Not since 1941 has there been such a seismic change to the rules governing licensing agreements between licensees, music publishers and the performing rights organizations (ASCAP and BMI) that administer performance royalty payments.

Music publishers believe that performance royalties, especially with respect to digital exploitations, are being paid at rates much lower than market rates. The rates stem from decades-old consent decrees that stipulate the rates to be paid by licensees. Consequently, major music publishers tried to bifurcate their digital and terrestrial rights and pull their digital rights from the performing rights organizations (PROs). This would have enabled music publishers to license digital performance rights at market rates and not at rates dictated by the consent degrees. Because litigation squashed the music publishers’ strategy, they turned to the rate court and the U.S. Department of Justice (DOJ).

For the past 2 years, music publishers and PROs have petitioned the DOJ to amend the consent decrees due to the disruptive technology of digital media. They sought changes concerning rate-setting procedures, the licensing of bundled rights and the granting of partial-right licenses. Not only did the DOJ deny these requests, it threw the music publishing industry a curveball.
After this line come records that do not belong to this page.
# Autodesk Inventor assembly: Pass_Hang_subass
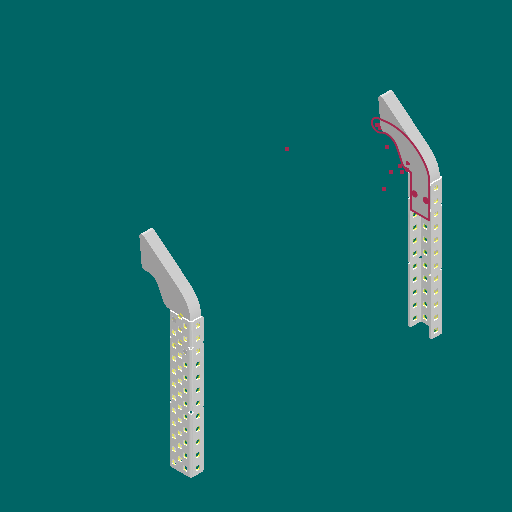
[picture p0: Inventor's stored thumbnail of the model, 512x512]
Saved by Autodesk Inventor 2025.2 (Build 292293000, 293)
## iProperties
Created: 2025-01-10
Part Number: Pass_Hang_subass
Document SubType Name: Assembly
Designer: Juanl
Author: Juanl
## Documents named in this file (4)
- C:\Users\colli\Documents\GitHub\ATUM-V5RC-High-Stakes-CAD\Robot\Subassemblies\Pass_Hang_subass.iam
- C:\Users\colli\Documents\GitHub\ATUM-V5RC-High-Stakes-CAD\Protobot\Pass_Hang_Hook.ipt
- C:\Users\colli\Documents\GitHub\ATUM-V5RC-High-Stakes-CAD\Protobot\Pass_Hang_Hook_MIR.ipt
- C:\Users\colli\Documents\GitHub\ATUM-V5RC-High-Stakes-CAD\VEX-CAD-Inventor\Structure\C Channel\Aluminum 1x2x1\Alu C 1x2x1x12.ipt
## Components (4 placed, 3 different names)
1. Pass_Hang_Hook:1 — Mate:3, Mate:4, Mate:5
2. Pass_Hang_Hook_MIR:1 — Mate:1, Mate:2, Mate:5
3. Alu C 1x2x1x12:2 — Flush:1, Mate:3, Mate:4, Mate:6
4. Alu C 1x2x1x12:1 — Flush:1, Mate:1, Mate:2, Mate:6
## Relationships (7: Mate 6, Flush 1)
- Flush:1: Alu C 1x2x1x12:2 ↔ Alu C 1x2x1x12:1
- Mate:1: Pass_Hang_Hook_MIR:1 ↔ Alu C 1x2x1x12:1
- Mate:2: Pass_Hang_Hook_MIR:1 ↔ Alu C 1x2x1x12:1
- Mate:3: Pass_Hang_Hook:1 ↔ Alu C 1x2x1x12:2
- Mate:4: Pass_Hang_Hook:1 ↔ Alu C 1x2x1x12:2
- Mate:5: Pass_Hang_Hook:1 ↔ Pass_Hang_Hook_MIR:1
- Mate:6 (282.5496 mm): Alu C 1x2x1x12:2 ↔ Alu C 1x2x1x12:1
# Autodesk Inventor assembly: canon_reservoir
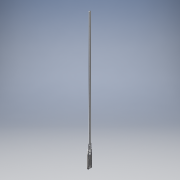
[picture p0: Inventor's stored thumbnail of the model, 180x180]
Saved by Autodesk Inventor 2019 (Build 230136000, 136)
## iProperties
Created: 2019-03-25
Part Number: canon_reservoir
Material: Générique
Document SubType Name: Assembly
Designer: theor
Mass: 702.15 g
Surface Area: 1447.39 cm^2
Volume: 182.547 cm^3
Density: 3.8464 g/cm^3
Author: theor
## Documents named in this file (7)
- C:\dev\projects\ace\ace-git\ACE-FP 12 Prot 2\canon_reservoir.iam
- C:\dev\projects\ace\ace-git\ACE-FP 12 Prot 2\tube_reservoir.ipt
- C:\dev\projects\ace\ace-git\ACE-FP 12 Prot 2\reservoir_jointure.ipt
- C:\dev\projects\ace\ace-git\ACE-FP 12 Prot 2\support_douille.ipt
- C:\dev\projects\ace\ace-git\ACE-FP 12 Prot 2\tube_canon.ipt
- C:\dev\projects\ace\ace-git\ACE-FP 12 Prot 2\blocage_recule_support_douille.ipt
- C:\dev\projects\ace\ace-git\ACE-FP 12 Prot 2\piston_reservoir.ipt
## Components (6 placed, 6 different names)
1. tube_reservoir:1 — Placage:1, Placage:2, Placage:7
2. reservoir_jointure:1 — Placage:1, Placage:2, Placage:3
3. support_douille:1 — Placage:3, Placage:4, Placage:5
4. tube_canon:1 — Placage:4, Placage:5, Placage:6
5. blocage_recule_support_douille:1 — Placage:6
6. piston_reservoir:1 — Placage:7
## Relationships (7: Mate 7)
- Placage:1 [Mate]: tube_reservoir:1 ↔ reservoir_jointure:1
- Placage:2 [Mate]: tube_reservoir:1 ↔ reservoir_jointure:1
- Placage:3 [Mate]: reservoir_jointure:1 ↔ support_douille:1
- Placage:4 [Mate]: support_douille:1 ↔ tube_canon:1
- Placage:5 [Mate]: support_douille:1 ↔ tube_canon:1
- Placage:6 [Mate]: tube_canon:1 ↔ blocage_recule_support_douille:1
- Placage:7 [Mate]: tube_reservoir:1 ↔ piston_reservoir:1
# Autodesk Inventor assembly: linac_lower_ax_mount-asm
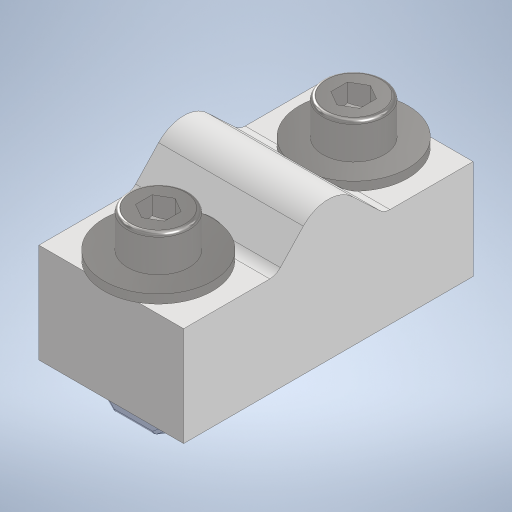
[picture p0: Inventor's stored thumbnail of the model, 512x512]
Saved by Autodesk Inventor 2024 (Build 280153000, 153)
## iProperties
Created: 2025-12-25
Part Number: linac_lower_ax_mount-asm
Document SubType Name: Assembly
Designer: schar
Author: schar
## Documents named in this file (5)
- C:\Users\schar\Desktop\projectBlueprint\AMSTS\hardware\linac_lower_ax_mount-asm.iam
- C:\Users\schar\Desktop\projectBlueprint\AMSTS\hardware\linac_lower_ax_mount.ipt
- C:\Users\schar\Documents\Inventor\Content Center Files\R2024\en-US\DIN 9021\DIN 9021 - 5,3.ipt
- C:\Users\schar\Desktop\projectBlueprint\AMSTS\hardware\tnut_m5_2020.ipt
- C:\Users\schar\Documents\Inventor\Content Center Files\R2024\en-US\ISO 4762(1)\DIN EN ISO 4762 - M5 x 20.ipt
## Components (7 placed, 4 different names)
1. linac_lower_ax_mount:1 — Mate:1, Mate:2, Mate:3, Mate:4, Rigid:1, Rigid:2, Mate:7, Mate:8
2. DIN 9021 5,3:1 — Mate:1, Mate:3, Mate:5
3. DIN 9021 5,3:2 — Mate:2, Mate:4, Mate:6
4. tnut_m5_2020:1 — Rigid:1
5. tnut_m5_2020:2 — Rigid:2
6. DIN EN ISO 4762 M5 x 20:1 — Mate:6, Mate:7
7. DIN EN ISO 4762 M5 x 20:2 — Mate:5, Mate:8
## Relationships (10: Mate 8, WeldJoint 2)
- Mate:1: linac_lower_ax_mount:1 ↔ DIN 9021 5,3:1
- Mate:2: linac_lower_ax_mount:1 ↔ DIN 9021 5,3:2
- Mate:3: linac_lower_ax_mount:1 ↔ DIN 9021 5,3:1
- Mate:4: linac_lower_ax_mount:1 ↔ DIN 9021 5,3:2
- Rigid:1 [WeldJoint] (-0.159 mm): linac_lower_ax_mount:1 ↔ tnut_m5_2020:1
- Rigid:2 [WeldJoint] (-0.159 mm): linac_lower_ax_mount:1 ↔ tnut_m5_2020:2
- Mate:5: DIN 9021 5,3:1 ↔ DIN EN ISO 4762 M5 x 20:2
- Mate:6: DIN 9021 5,3:2 ↔ DIN EN ISO 4762 M5 x 20:1
- Mate:7: linac_lower_ax_mount:1 ↔ DIN EN ISO 4762 M5 x 20:1
- Mate:8: linac_lower_ax_mount:1 ↔ DIN EN ISO 4762 M5 x 20:2

To make matters worse for music publishers and songwriters, the DOJ issued a June 2016 recommendation that the PROs should operate under a “100%” licensing structure. Under the current system, a PRO can only license the portion of the compositions it represents. Thus, it only collects for and pays royalties to its songwriters and publisher members. If a particular composition is written and published by multiple entities that are represented by different PROs, each PRO collects and reports royalties for the portion of the composition it represents. Under 100% licensing, anyone who owns a part of a composition will be able to license the performance rights for 100% of the composition. Let’s take a deeper look at the impact of the DOJ’s game-changing announcement.

Enabling music publishers and PROs to license 100% of a composition would have numerous negative impacts on the industry. Licensees will look to the entity offering the lowest rates to license compositions, resulting in a smaller pool for performance royalties. PROs will have to administer rights for the portion of songs controlled by nonmembers. Thus, the PRO will have to pay the royalties collected for the nonmember share to either the nonmember’s PRO or directly to the nonmember. This reporting obligation is an administrative burden that will add costs and delay payments. Increased cost from administering the portion of songs controlled by nonmembers will further reduce performance royalty payments to songwriters and music publishers. Furthermore, royalty payments will be delayed while PROs determine where to pay nonmember royalties and for additional payment cycles when the nonmember’s PRO is paid. Finally, if one PRO pays another PRO, the royalty could be subject to a second administrative fee. 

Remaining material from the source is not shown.